Return every line of the records, exact and in full, until you have returned the line with "#53=LINE('',#52,#51);", and include none of the pictures.
-- Opening Marker --
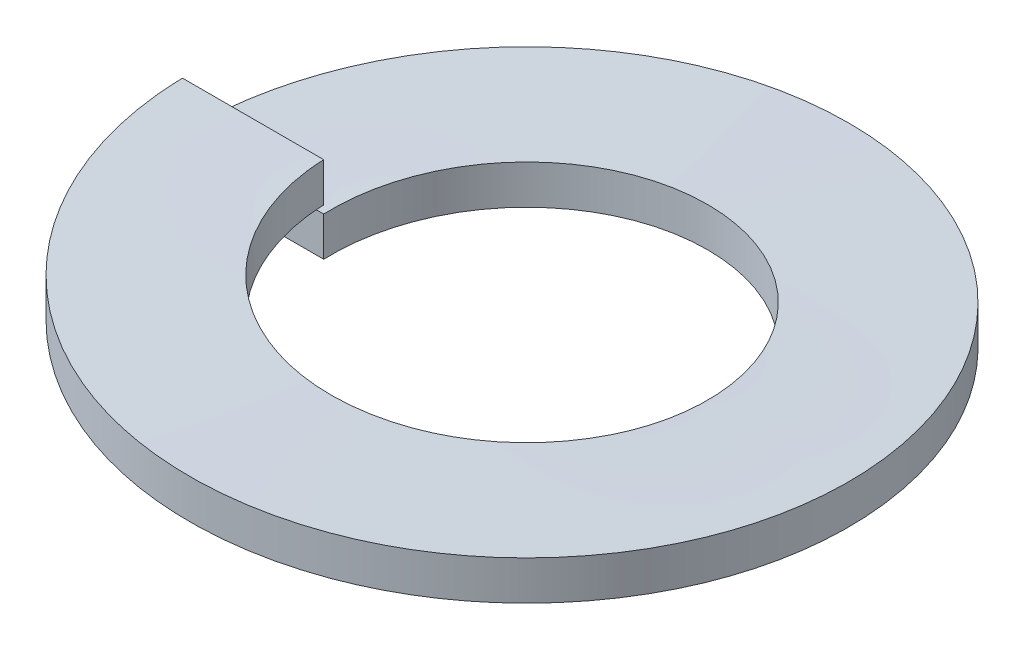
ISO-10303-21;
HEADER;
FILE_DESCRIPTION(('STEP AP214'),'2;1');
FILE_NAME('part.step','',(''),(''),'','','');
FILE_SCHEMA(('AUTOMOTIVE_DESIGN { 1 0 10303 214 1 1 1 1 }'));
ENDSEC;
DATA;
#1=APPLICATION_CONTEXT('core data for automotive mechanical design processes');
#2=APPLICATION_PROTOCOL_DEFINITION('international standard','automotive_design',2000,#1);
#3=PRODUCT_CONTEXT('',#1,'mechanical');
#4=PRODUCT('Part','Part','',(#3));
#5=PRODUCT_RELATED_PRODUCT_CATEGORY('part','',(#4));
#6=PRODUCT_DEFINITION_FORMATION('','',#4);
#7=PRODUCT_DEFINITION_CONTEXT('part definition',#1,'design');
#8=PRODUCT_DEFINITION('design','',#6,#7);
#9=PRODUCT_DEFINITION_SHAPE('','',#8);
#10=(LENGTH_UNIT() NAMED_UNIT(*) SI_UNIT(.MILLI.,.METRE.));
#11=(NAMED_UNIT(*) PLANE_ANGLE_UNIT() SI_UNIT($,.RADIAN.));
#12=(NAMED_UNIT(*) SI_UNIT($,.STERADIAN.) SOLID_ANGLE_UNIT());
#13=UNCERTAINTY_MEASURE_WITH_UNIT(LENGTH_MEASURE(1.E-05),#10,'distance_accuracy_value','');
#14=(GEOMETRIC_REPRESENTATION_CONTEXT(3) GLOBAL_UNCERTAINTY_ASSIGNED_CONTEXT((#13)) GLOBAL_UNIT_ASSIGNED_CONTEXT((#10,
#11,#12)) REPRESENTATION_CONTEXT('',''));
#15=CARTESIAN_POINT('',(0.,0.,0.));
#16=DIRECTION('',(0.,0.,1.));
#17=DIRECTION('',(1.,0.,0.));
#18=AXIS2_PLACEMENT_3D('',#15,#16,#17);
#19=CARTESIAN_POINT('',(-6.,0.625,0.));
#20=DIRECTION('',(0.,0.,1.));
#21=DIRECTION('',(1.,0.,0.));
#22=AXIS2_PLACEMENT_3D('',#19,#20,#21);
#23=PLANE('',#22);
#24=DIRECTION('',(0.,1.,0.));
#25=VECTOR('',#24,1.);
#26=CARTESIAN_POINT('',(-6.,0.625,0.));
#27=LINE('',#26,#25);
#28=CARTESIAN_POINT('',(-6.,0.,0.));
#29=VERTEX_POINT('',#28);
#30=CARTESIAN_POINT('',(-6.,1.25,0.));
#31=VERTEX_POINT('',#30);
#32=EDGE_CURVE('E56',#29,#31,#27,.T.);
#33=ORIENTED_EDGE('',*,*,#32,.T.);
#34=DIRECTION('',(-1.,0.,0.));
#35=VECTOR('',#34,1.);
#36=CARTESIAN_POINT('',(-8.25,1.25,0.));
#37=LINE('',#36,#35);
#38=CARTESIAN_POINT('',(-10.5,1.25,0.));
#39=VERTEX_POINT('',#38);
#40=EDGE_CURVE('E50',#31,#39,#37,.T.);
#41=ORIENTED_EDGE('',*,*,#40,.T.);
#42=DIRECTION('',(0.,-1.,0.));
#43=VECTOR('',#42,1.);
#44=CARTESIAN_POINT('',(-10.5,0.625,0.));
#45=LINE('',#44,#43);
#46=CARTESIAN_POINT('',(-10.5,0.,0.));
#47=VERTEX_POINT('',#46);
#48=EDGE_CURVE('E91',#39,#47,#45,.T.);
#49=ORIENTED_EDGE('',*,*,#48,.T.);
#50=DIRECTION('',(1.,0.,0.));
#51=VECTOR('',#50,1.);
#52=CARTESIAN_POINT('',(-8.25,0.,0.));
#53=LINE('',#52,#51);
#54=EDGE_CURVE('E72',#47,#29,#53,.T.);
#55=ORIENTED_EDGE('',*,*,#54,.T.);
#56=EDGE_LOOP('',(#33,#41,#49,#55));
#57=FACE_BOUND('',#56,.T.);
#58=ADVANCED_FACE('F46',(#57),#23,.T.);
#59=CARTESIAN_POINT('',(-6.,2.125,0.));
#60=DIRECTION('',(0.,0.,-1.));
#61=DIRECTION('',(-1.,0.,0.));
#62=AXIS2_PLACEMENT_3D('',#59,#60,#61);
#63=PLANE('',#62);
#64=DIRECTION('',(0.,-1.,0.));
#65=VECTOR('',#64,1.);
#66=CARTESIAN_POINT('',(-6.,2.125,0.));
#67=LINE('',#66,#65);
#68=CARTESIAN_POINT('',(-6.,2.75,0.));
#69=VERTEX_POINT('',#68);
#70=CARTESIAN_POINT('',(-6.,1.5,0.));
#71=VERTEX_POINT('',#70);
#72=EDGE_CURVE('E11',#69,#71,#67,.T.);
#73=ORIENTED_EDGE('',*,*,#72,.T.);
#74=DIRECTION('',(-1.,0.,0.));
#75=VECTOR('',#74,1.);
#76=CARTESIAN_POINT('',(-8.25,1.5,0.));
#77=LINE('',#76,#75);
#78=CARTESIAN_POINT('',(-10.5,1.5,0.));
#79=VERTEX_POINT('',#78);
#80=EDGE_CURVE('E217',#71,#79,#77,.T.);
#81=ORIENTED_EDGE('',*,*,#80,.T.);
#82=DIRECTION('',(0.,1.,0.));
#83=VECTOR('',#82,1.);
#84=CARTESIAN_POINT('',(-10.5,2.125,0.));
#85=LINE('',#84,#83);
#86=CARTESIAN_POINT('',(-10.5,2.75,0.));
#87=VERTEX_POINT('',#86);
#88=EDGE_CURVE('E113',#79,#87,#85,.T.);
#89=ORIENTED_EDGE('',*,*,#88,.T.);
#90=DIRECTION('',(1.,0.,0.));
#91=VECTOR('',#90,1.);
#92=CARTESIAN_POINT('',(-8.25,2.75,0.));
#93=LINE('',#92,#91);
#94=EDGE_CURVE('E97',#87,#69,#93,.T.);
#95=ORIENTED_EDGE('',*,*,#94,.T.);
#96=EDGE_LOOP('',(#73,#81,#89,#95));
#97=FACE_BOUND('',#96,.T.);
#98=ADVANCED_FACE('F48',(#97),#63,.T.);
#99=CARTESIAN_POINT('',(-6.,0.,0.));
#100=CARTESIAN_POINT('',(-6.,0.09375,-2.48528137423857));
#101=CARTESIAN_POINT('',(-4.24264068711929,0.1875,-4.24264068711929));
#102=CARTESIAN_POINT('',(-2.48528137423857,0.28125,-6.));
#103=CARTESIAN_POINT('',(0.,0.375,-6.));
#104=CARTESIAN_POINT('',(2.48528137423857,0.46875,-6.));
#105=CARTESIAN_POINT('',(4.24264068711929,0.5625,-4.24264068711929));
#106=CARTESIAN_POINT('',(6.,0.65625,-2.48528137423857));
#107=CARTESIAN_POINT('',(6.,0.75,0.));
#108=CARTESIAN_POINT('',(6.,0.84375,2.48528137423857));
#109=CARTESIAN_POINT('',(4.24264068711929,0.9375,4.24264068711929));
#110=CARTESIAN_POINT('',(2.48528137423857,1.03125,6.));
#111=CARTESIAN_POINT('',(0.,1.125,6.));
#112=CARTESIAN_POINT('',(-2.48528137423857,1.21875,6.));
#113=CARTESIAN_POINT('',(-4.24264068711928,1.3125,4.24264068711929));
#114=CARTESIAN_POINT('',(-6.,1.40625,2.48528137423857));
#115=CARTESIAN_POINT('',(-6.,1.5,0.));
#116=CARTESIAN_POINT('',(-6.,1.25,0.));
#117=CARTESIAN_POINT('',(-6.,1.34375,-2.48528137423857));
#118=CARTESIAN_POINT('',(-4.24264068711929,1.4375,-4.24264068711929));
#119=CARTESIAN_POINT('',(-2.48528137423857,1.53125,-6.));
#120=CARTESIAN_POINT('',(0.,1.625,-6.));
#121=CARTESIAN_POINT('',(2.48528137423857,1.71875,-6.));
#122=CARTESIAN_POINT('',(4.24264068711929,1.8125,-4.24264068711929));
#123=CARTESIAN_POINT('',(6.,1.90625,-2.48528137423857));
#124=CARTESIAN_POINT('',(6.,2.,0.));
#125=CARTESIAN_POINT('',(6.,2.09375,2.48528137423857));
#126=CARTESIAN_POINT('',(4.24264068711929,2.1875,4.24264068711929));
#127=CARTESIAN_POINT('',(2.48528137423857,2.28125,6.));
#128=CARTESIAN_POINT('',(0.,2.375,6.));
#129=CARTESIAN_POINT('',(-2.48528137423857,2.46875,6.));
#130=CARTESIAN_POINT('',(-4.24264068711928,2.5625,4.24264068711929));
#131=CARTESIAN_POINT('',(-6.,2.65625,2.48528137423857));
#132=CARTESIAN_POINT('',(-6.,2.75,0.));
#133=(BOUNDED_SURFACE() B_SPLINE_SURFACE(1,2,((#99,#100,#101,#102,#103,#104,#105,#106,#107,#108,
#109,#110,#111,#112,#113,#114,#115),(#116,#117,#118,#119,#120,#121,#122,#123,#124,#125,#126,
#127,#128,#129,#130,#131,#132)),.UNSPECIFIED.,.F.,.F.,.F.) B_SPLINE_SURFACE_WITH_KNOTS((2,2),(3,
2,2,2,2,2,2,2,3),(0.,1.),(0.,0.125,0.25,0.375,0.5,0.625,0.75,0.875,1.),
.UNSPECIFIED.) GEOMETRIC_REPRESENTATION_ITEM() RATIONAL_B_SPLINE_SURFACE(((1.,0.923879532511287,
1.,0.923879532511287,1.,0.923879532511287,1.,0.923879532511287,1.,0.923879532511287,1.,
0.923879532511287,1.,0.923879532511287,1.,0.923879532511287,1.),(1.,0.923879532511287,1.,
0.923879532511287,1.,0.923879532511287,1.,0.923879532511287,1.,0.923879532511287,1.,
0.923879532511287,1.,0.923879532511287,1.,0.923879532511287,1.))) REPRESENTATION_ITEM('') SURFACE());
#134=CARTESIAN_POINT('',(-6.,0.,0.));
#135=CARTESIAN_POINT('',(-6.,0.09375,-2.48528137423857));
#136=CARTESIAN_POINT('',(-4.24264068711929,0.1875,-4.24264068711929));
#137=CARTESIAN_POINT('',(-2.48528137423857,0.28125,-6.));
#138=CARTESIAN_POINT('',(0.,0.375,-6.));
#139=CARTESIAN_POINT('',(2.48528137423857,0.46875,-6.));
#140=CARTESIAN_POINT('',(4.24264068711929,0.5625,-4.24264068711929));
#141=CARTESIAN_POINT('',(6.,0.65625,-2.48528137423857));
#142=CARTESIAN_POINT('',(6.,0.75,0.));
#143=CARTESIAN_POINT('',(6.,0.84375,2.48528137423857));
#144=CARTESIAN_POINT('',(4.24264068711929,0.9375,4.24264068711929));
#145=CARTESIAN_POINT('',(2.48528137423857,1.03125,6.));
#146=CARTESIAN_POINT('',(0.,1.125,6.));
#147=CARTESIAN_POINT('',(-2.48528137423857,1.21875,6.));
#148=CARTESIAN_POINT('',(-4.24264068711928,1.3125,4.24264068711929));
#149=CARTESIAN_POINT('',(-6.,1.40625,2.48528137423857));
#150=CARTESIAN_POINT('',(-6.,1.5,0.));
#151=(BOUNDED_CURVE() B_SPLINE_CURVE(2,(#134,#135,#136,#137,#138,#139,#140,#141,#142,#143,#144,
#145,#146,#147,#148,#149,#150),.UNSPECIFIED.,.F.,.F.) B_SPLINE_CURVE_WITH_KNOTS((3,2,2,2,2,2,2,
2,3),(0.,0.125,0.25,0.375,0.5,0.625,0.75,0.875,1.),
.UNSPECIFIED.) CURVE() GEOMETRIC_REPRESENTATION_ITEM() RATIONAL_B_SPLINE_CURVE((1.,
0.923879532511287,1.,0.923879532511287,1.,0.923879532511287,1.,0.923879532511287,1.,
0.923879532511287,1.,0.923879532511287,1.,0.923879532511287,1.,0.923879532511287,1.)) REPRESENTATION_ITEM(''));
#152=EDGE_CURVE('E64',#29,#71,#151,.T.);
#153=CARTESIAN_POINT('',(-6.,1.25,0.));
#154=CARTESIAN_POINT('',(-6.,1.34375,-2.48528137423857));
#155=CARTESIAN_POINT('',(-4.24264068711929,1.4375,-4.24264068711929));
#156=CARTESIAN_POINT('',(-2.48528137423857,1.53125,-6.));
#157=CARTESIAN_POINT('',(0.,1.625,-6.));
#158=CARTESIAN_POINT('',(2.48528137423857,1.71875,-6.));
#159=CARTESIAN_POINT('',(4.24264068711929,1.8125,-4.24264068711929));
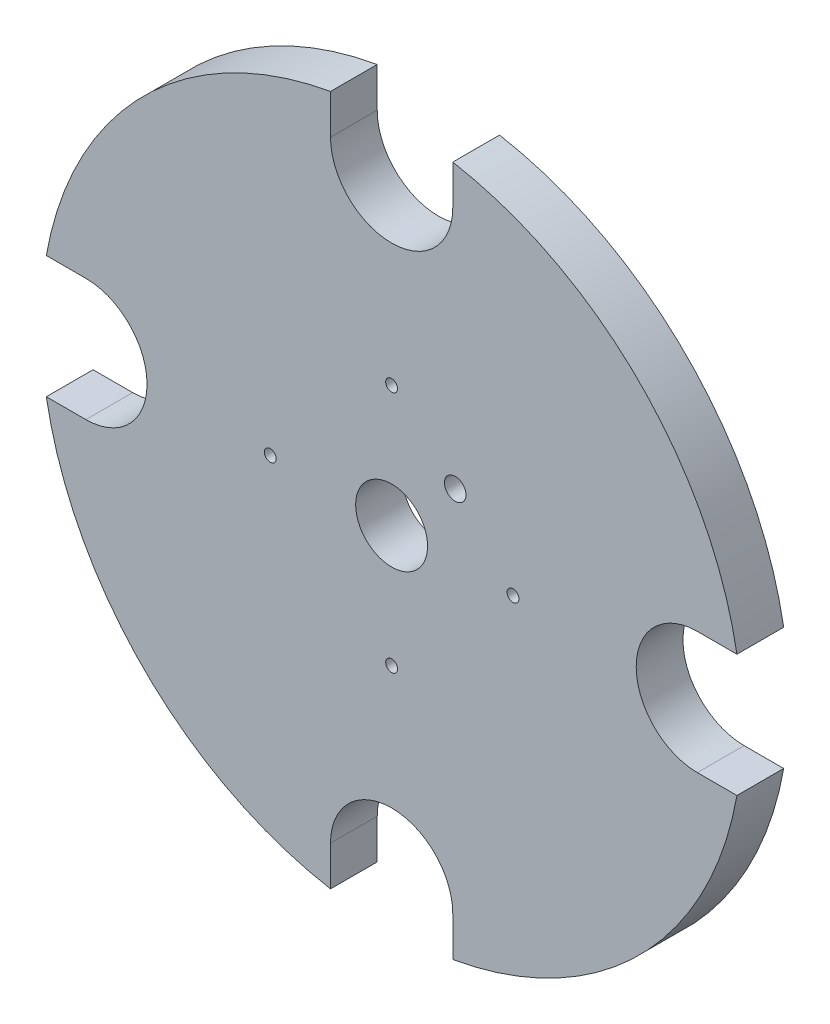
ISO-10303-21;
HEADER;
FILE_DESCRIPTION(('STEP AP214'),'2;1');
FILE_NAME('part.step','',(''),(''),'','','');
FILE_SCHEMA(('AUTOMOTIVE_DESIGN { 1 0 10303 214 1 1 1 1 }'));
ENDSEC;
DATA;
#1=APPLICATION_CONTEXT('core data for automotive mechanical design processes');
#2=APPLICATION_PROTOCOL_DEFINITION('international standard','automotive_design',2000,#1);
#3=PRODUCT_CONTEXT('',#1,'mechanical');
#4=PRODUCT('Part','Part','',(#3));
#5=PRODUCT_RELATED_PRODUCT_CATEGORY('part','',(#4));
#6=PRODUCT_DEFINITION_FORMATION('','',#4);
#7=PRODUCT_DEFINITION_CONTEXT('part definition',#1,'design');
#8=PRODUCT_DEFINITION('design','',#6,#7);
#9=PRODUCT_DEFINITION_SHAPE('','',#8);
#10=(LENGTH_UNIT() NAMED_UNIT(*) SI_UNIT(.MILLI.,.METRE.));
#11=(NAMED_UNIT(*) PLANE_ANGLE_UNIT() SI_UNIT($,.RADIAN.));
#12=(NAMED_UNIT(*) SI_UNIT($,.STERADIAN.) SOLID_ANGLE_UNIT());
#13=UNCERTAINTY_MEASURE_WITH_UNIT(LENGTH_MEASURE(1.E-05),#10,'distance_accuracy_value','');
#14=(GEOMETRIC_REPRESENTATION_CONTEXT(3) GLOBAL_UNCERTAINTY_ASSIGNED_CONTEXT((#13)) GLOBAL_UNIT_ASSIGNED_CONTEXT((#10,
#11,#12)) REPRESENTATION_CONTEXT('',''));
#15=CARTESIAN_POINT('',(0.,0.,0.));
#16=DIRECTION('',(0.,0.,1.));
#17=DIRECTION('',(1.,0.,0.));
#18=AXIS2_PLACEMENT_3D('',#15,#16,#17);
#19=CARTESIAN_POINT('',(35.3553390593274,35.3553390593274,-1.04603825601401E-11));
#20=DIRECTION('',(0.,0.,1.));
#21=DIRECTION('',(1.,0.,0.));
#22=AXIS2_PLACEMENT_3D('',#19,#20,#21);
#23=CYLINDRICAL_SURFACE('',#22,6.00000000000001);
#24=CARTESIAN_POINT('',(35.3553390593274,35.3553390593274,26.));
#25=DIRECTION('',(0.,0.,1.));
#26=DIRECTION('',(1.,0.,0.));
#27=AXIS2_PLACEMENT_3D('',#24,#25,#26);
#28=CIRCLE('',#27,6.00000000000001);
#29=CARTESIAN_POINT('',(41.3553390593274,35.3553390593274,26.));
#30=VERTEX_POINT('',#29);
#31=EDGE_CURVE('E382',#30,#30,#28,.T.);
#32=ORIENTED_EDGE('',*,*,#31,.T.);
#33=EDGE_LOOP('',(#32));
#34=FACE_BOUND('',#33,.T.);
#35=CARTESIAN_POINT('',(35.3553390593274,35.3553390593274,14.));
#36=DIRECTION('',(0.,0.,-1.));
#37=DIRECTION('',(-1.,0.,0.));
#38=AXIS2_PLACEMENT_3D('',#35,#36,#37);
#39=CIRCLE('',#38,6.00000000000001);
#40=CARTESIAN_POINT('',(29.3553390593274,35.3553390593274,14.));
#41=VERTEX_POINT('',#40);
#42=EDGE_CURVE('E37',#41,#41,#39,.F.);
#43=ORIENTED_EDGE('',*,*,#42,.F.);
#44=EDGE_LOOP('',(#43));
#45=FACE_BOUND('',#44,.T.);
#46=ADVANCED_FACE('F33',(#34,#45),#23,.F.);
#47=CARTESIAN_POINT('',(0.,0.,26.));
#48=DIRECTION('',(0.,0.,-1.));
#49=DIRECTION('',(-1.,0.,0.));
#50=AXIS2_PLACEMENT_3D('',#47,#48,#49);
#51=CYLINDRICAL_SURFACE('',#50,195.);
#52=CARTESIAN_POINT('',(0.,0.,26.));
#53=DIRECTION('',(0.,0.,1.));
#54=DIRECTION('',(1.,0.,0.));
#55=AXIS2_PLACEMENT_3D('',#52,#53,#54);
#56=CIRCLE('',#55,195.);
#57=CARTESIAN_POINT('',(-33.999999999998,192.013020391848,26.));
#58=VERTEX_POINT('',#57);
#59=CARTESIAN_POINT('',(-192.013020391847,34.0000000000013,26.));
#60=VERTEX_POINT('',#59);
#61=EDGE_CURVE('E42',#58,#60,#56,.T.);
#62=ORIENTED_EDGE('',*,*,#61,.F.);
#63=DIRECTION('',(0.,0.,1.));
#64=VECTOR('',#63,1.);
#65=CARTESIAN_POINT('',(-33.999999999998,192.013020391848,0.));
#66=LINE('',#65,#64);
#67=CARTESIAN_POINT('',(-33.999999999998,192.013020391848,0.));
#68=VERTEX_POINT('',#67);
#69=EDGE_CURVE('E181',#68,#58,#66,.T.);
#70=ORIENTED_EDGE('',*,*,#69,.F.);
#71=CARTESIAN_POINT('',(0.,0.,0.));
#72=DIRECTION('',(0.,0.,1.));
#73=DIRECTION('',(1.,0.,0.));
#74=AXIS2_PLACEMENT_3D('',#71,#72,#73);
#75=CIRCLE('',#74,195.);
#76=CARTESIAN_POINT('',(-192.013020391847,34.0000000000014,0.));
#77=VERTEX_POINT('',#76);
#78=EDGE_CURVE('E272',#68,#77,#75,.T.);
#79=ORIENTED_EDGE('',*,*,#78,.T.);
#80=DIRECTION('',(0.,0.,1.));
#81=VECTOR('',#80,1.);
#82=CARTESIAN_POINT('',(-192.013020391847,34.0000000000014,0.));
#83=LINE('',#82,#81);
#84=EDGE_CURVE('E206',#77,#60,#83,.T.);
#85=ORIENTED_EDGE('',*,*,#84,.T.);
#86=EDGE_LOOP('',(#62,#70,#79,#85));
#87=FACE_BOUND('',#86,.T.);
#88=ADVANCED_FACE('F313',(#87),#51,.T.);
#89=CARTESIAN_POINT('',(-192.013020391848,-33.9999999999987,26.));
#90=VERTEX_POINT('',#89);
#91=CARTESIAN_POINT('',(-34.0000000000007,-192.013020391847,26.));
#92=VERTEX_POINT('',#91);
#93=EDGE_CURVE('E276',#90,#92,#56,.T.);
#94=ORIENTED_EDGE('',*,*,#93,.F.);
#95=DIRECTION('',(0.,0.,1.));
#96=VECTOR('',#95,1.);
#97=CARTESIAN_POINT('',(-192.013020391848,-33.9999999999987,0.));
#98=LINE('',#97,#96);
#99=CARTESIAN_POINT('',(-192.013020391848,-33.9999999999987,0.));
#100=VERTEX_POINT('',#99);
-- Closing Marker --
» **TASK RESPONSE**
ISO-10303-21;
HEADER;
FILE_DESCRIPTION(('STEP AP214'),'2;1');
FILE_NAME('part.step','',(''),(''),'','','');
FILE_SCHEMA(('AUTOMOTIVE_DESIGN { 1 0 10303 214 1 1 1 1 }'));
ENDSEC;
DATA;
#1=APPLICATION_CONTEXT('core data for automotive mechanical design processes');
#2=APPLICATION_PROTOCOL_DEFINITION('international standard','automotive_design',2000,#1);
#3=PRODUCT_CONTEXT('',#1,'mechanical');
#4=PRODUCT('Part','Part','',(#3));
#5=PRODUCT_RELATED_PRODUCT_CATEGORY('part','',(#4));
#6=PRODUCT_DEFINITION_FORMATION('','',#4);
#7=PRODUCT_DEFINITION_CONTEXT('part definition',#1,'design');
#8=PRODUCT_DEFINITION('design','',#6,#7);
#9=PRODUCT_DEFINITION_SHAPE('','',#8);
#10=(LENGTH_UNIT() NAMED_UNIT(*) SI_UNIT(.MILLI.,.METRE.));
#11=(NAMED_UNIT(*) PLANE_ANGLE_UNIT() SI_UNIT($,.RADIAN.));
#12=(NAMED_UNIT(*) SI_UNIT($,.STERADIAN.) SOLID_ANGLE_UNIT());
#13=UNCERTAINTY_MEASURE_WITH_UNIT(LENGTH_MEASURE(1.E-05),#10,'distance_accuracy_value','');
#14=(GEOMETRIC_REPRESENTATION_CONTEXT(3) GLOBAL_UNCERTAINTY_ASSIGNED_CONTEXT((#13)) GLOBAL_UNIT_ASSIGNED_CONTEXT((#10,
#11,#12)) REPRESENTATION_CONTEXT('',''));
#15=CARTESIAN_POINT('',(0.,0.,0.));
#16=DIRECTION('',(0.,0.,1.));
#17=DIRECTION('',(1.,0.,0.));
#18=AXIS2_PLACEMENT_3D('',#15,#16,#17);
#19=CARTESIAN_POINT('',(-6.,0.625,0.));
#20=DIRECTION('',(0.,0.,1.));
#21=DIRECTION('',(1.,0.,0.));
#22=AXIS2_PLACEMENT_3D('',#19,#20,#21);
#23=PLANE('',#22);
#24=DIRECTION('',(0.,1.,0.));
#25=VECTOR('',#24,1.);
#26=CARTESIAN_POINT('',(-6.,0.625,0.));
#27=LINE('',#26,#25);
#28=CARTESIAN_POINT('',(-6.,0.,0.));
#29=VERTEX_POINT('',#28);
#30=CARTESIAN_POINT('',(-6.,1.25,0.));
#31=VERTEX_POINT('',#30);
#32=EDGE_CURVE('E56',#29,#31,#27,.T.);
#33=ORIENTED_EDGE('',*,*,#32,.T.);
#34=DIRECTION('',(-1.,0.,0.));
#35=VECTOR('',#34,1.);
#36=CARTESIAN_POINT('',(-8.25,1.25,0.));
#37=LINE('',#36,#35);
#38=CARTESIAN_POINT('',(-10.5,1.25,0.));
#39=VERTEX_POINT('',#38);
#40=EDGE_CURVE('E50',#31,#39,#37,.T.);
#41=ORIENTED_EDGE('',*,*,#40,.T.);
#42=DIRECTION('',(0.,-1.,0.));
#43=VECTOR('',#42,1.);
#44=CARTESIAN_POINT('',(-10.5,0.625,0.));
#45=LINE('',#44,#43);
#46=CARTESIAN_POINT('',(-10.5,0.,0.));
#47=VERTEX_POINT('',#46);
#48=EDGE_CURVE('E91',#39,#47,#45,.T.);
#49=ORIENTED_EDGE('',*,*,#48,.T.);
#50=DIRECTION('',(1.,0.,0.));
#51=VECTOR('',#50,1.);
#52=CARTESIAN_POINT('',(-8.25,0.,0.));
#53=LINE('',#52,#51);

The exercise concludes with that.